[Records from a data source]
::::::

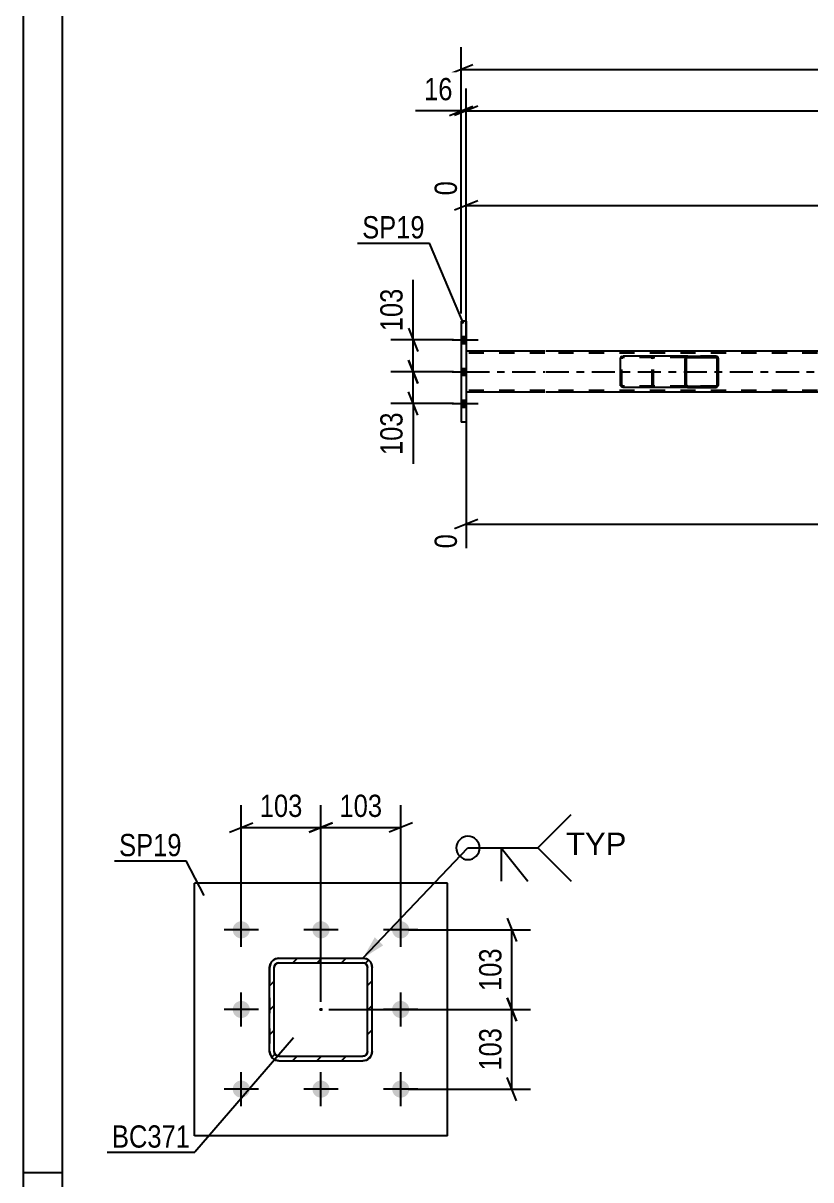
# Model space of a CAD drawing. Header units: millimetres. Extents: x 0 to 841, y 0 to 594.
# Drawn here: x 0 to 101.3, y 148.1 to 297 of the extents above; entities that cross this region are included whole.
import ezdxf

# ---------------------------------------------------------------- set-up
doc = ezdxf.new("R2010")
doc.units = ezdxf.units.MM
doc.linetypes.add('DXK_LINE_DOT2', pattern=[3.9198, 1.9599, -1.9599])
doc.linetypes.add('DXK_LINE_DOT3', pattern=[5.9187, 2.979, -0.9799, 0.9799, -0.9799])
doc.styles.add('Arial', font='ARIAL.TTF', dxfattribs={"height": 0.2})
doc.styles.add('Arial Narrow', font='ARIALN.TTF', dxfattribs={"height": 0.2})

# ---------------------------------------------------------------- blocks, each defined once
blk = doc.blocks.new('Unknown-318885092-1133')
at = {"color": 5, "linetype": 'Continuous'}
for p, q in [((0, 594), (0, 0)), ((5, 589), (5, 5)), ((5, 149), (0, 149))]:
    blk.add_line(p, q, dxfattribs=at)
blk = doc.blocks.new('Part-318885092-5602 - 5502')
at = {"color": 2, "linetype": 'Continuous'}
for p, q in [((56.98, 258.61), (56.34, 258.61)), ((56.34, 258.61), (56.34, 245.61)), ((56.98, 258.61), (56.98, 245.61)), ((56.98, 245.61), (56.34, 245.61))]:
    blk.add_line(p, q, dxfattribs=at)
blk = doc.blocks.new('Part-318885092-5605 - 5502')
at = {"linetype": 'Continuous'}
h = blk.add_hatch(dxfattribs=at)
h.set_pattern_fill('', scale=0.7, style=0, pattern_type=0)
h.set_pattern_definition([(45, (89.384, 253.9117), (-1.57154, 1.57154), [])])
h.paths.add_polyline_path([(89.41, 253.79), (89.38, 253.91), (89.31, 254.02), (89.2, 254.08), (89.07, 254.11), (85.49, 254.11), (85.36, 254.08), (85.25, 254.02), (85.18, 253.91), (85.15, 253.79), (85.15, 250.43), (85.18, 250.31), (85.25, 250.2), (85.36, 250.13), (85.49, 250.11), (89.07, 250.11), (89.2, 250.13), (89.31, 250.2), (89.38, 250.31), (89.41, 250.43)])
h.paths.add_polyline_path([(89.23, 250.37), (89.19, 250.32), (89.13, 250.28), (89.07, 250.27), (85.49, 250.27), (85.43, 250.28), (85.37, 250.32), (85.34, 250.37), (85.32, 250.43), (85.32, 253.79), (85.34, 253.85), (85.37, 253.9), (85.43, 253.94), (85.49, 253.95), (89.07, 253.95), (89.13, 253.94), (89.19, 253.9), (89.23, 253.85), (89.24, 253.79), (89.24, 250.43)])
at = {"color": 2, "linetype": 'Continuous'}
for p, q in [((76.8, 253.79), (76.83, 253.91)), ((76.8, 250.43), (76.8, 253.79)), ((77.01, 254.08), (77.14, 254.11)), ((85.49, 254.11), (77.14, 254.11)), ((85.18, 253.91), (85.15, 253.79)), ((85.15, 250.43), (85.15, 253.79)), ((85.32, 253.79), (85.34, 253.85)), ((85.32, 250.43), (85.32, 253.79)), ((85.34, 253.85), (85.37, 253.9)), ((85.49, 254.11), (85.36, 254.08)), ((85.37, 253.9), (85.43, 253.94)), ((85.43, 253.94), (85.49, 253.95)), ((85.49, 254.11), (89.07, 254.11)), ((85.49, 253.95), (89.07, 253.95)), ((89.2, 254.08), (89.07, 254.11)), ((89.07, 253.95), (89.13, 253.94)), ((89.13, 253.94), (89.19, 253.9)), ((89.19, 253.9), (89.23, 253.85)), ((89.23, 253.85), (89.24, 253.79)), ((89.24, 250.43), (89.24, 253.79)), ((89.41, 253.79), (89.38, 253.91)), ((89.41, 250.43), (89.41, 253.79)), ((76.83, 250.31), (76.8, 250.43)), ((77.14, 250.11), (77.01, 250.13)), ((85.49, 250.11), (77.14, 250.11)), ((85.15, 250.43), (85.18, 250.31)), ((85.34, 250.37), (85.32, 250.43)), ((85.37, 250.32), (85.34, 250.37)), ((85.36, 250.13), (85.49, 250.11)), ((85.43, 250.28), (85.37, 250.32)), ((85.49, 250.27), (85.43, 250.28)), ((85.49, 250.27), (89.07, 250.27)), ((85.49, 250.11), (89.07, 250.11)), ((89.13, 250.28), (89.07, 250.27)), ((89.07, 250.11), (89.2, 250.13)), ((89.19, 250.32), (89.13, 250.28)), ((89.23, 250.37), (89.19, 250.32)), ((89.24, 250.43), (89.23, 250.37)), ((89.38, 250.31), (89.41, 250.43))]:
    blk.add_line(p, q, dxfattribs=at)
at = {"color": 7, "linetype": 'DXK_LINE_DOT2'}
for p, q in [((76.99, 253.85), (76.97, 253.79)), ((76.97, 250.43), (76.97, 253.79)), ((77.02, 253.9), (76.99, 253.85)), ((77.08, 253.94), (77.02, 253.9)), ((77.14, 253.95), (77.08, 253.94)), ((89.07, 253.95), (77.14, 253.95)), ((80.72, 254.11), (80.85, 254.08)), ((80.79, 253.94), (80.72, 253.95)), ((80.84, 253.9), (80.79, 253.94)), ((80.88, 253.85), (80.84, 253.9)), ((80.89, 253.79), (80.88, 253.85)), ((80.89, 250.43), (80.89, 253.79)), ((81.03, 253.91), (81.06, 253.79)), ((81.06, 250.43), (81.06, 253.79)), ((89.07, 254.11), (85.49, 254.11)), ((76.97, 250.43), (76.99, 250.37)), ((76.99, 250.37), (77.02, 250.32)), ((77.02, 250.32), (77.08, 250.28)), ((77.08, 250.28), (77.14, 250.27)), ((89.07, 250.27), (77.14, 250.27)), ((80.72, 250.27), (80.79, 250.28)), ((80.85, 250.13), (80.72, 250.11)), ((80.79, 250.28), (80.84, 250.32)), ((80.84, 250.32), (80.88, 250.37)), ((80.88, 250.37), (80.89, 250.43)), ((81.06, 250.43), (81.03, 250.31)), ((89.07, 250.11), (85.49, 250.11))]:
    blk.add_line(p, q, dxfattribs=at)
at = {"color": 2, "linetype": 'Continuous'}
for centre, start, end in [((77.13, 253.78), 110.7583, 155.68), ((85.48, 253.78), 110.7583, 155.68), ((89.08, 253.78), 24.32, 69.2417), ((77.13, 250.44), 204.32, 249.2417), ((85.48, 250.44), 204.32, 249.2417), ((89.08, 250.44), 290.7583, 335.68)]:
    blk.add_arc(centre, 0.331, start, end, dxfattribs=at)
at = {"color": 7, "linetype": 'DXK_LINE_DOT2'}
for centre, start, end in [((80.73, 253.78), 24.32, 69.2417), ((80.73, 250.44), 290.7583, 335.68)]:
    blk.add_arc(centre, 0.331, start, end, dxfattribs=at)
blk = doc.blocks.new('Part-318885092-5674 - 5502')
at = {"color": 2, "linetype": 'Continuous'}
for p, q in [((67.1, 254.75), (56.98, 254.75)), ((160.05, 254.75), (67.2, 254.75)), ((67.1, 249.47), (56.98, 249.47)), ((160.05, 249.47), (67.2, 249.47))]:
    blk.add_line(p, q, dxfattribs=at)
at = {"color": 7, "linetype": 'DXK_LINE_DOT2'}
for p, q in [((56.98, 254.75), (56.98, 249.47)), ((67.1, 254.51), (56.98, 254.51)), ((729.32, 254.51), (67.2, 254.51)), ((67.1, 249.71), (56.98, 249.71)), ((729.32, 249.71), (67.2, 249.71))]:
    blk.add_line(p, q, dxfattribs=at)
at = {"color": 7, "linetype": 'DXK_LINE_DOT3'}
for p, q in [((56.98, 252.11), (67.1, 252.11)), ((67.2, 252.11), (729.32, 252.11))]:
    blk.add_line(p, q, dxfattribs=at)
blk = doc.blocks.new('Bolt-318885092-5724 - 5502')
at = {"linetype": 'Continuous'}
for points in [[(56.98, 255.77), (56.98, 256.65), (56.34, 256.65), (56.34, 255.77)], [(56.98, 255.77), (56.98, 256.65), (56.34, 256.65), (56.34, 255.77)], [(56.98, 255.77), (56.98, 256.65), (56.34, 256.65), (56.34, 255.77)], [(56.98, 251.67), (56.98, 252.55), (56.34, 252.55), (56.34, 251.67)], [(56.98, 251.67), (56.98, 252.55), (56.34, 252.55), (56.34, 251.67)], [(56.98, 247.57), (56.98, 248.45), (56.34, 248.45), (56.34, 247.57)], [(56.98, 247.57), (56.98, 248.45), (56.34, 248.45), (56.34, 247.57)], [(56.98, 247.57), (56.98, 248.45), (56.34, 248.45), (56.34, 247.57)]]:
    blk.add_hatch(color=1, dxfattribs=at).paths.add_polyline_path(points)
at = {"color": 1, "linetype": 'Continuous'}
for p, q in [((55.18, 256.21), (58.5, 256.21)), ((55.18, 256.21), (58.5, 256.21)), ((55.18, 256.21), (58.5, 256.21)), ((56.34, 256.65), (56.98, 256.65)), ((56.34, 256.65), (56.98, 256.65)), ((56.34, 256.65), (56.98, 256.65)), ((56.34, 255.77), (56.98, 255.77)), ((56.34, 255.77), (56.98, 255.77)), ((56.34, 255.77), (56.98, 255.77)), ((55.18, 252.11), (58.5, 252.11)), ((55.18, 252.11), (58.5, 252.11)), ((56.34, 252.55), (56.98, 252.55)), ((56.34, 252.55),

::::::

# What is required:
In the entries above, please find the line with "blk = doc.blocks.new('Unknown-318885092-1133')" and the line with "(-1.57154, 1.57154), [])])", then write out exactly those two lines and every line between them, and nothing more.

# Written answer:
blk = doc.blocks.new('Unknown-318885092-1133')
at = {"color": 5, "linetype": 'Continuous'}
for p, q in [((0, 594), (0, 0)), ((5, 589), (5, 5)), ((5, 149), (0, 149))]:
    blk.add_line(p, q, dxfattribs=at)
blk = doc.blocks.new('Part-318885092-5602 - 5502')
at = {"color": 2, "linetype": 'Continuous'}
for p, q in [((56.98, 258.61), (56.34, 258.61)), ((56.34, 258.61), (56.34, 245.61)), ((56.98, 258.61), (56.98, 245.61)), ((56.98, 245.61), (56.34, 245.61))]:
    blk.add_line(p, q, dxfattribs=at)
blk = doc.blocks.new('Part-318885092-5605 - 5502')
at = {"linetype": 'Continuous'}
h = blk.add_hatch(dxfattribs=at)
h.set_pattern_fill('', scale=0.7, style=0, pattern_type=0)
h.set_pattern_definition([(45, (89.384, 253.9117), (-1.57154, 1.57154), [])])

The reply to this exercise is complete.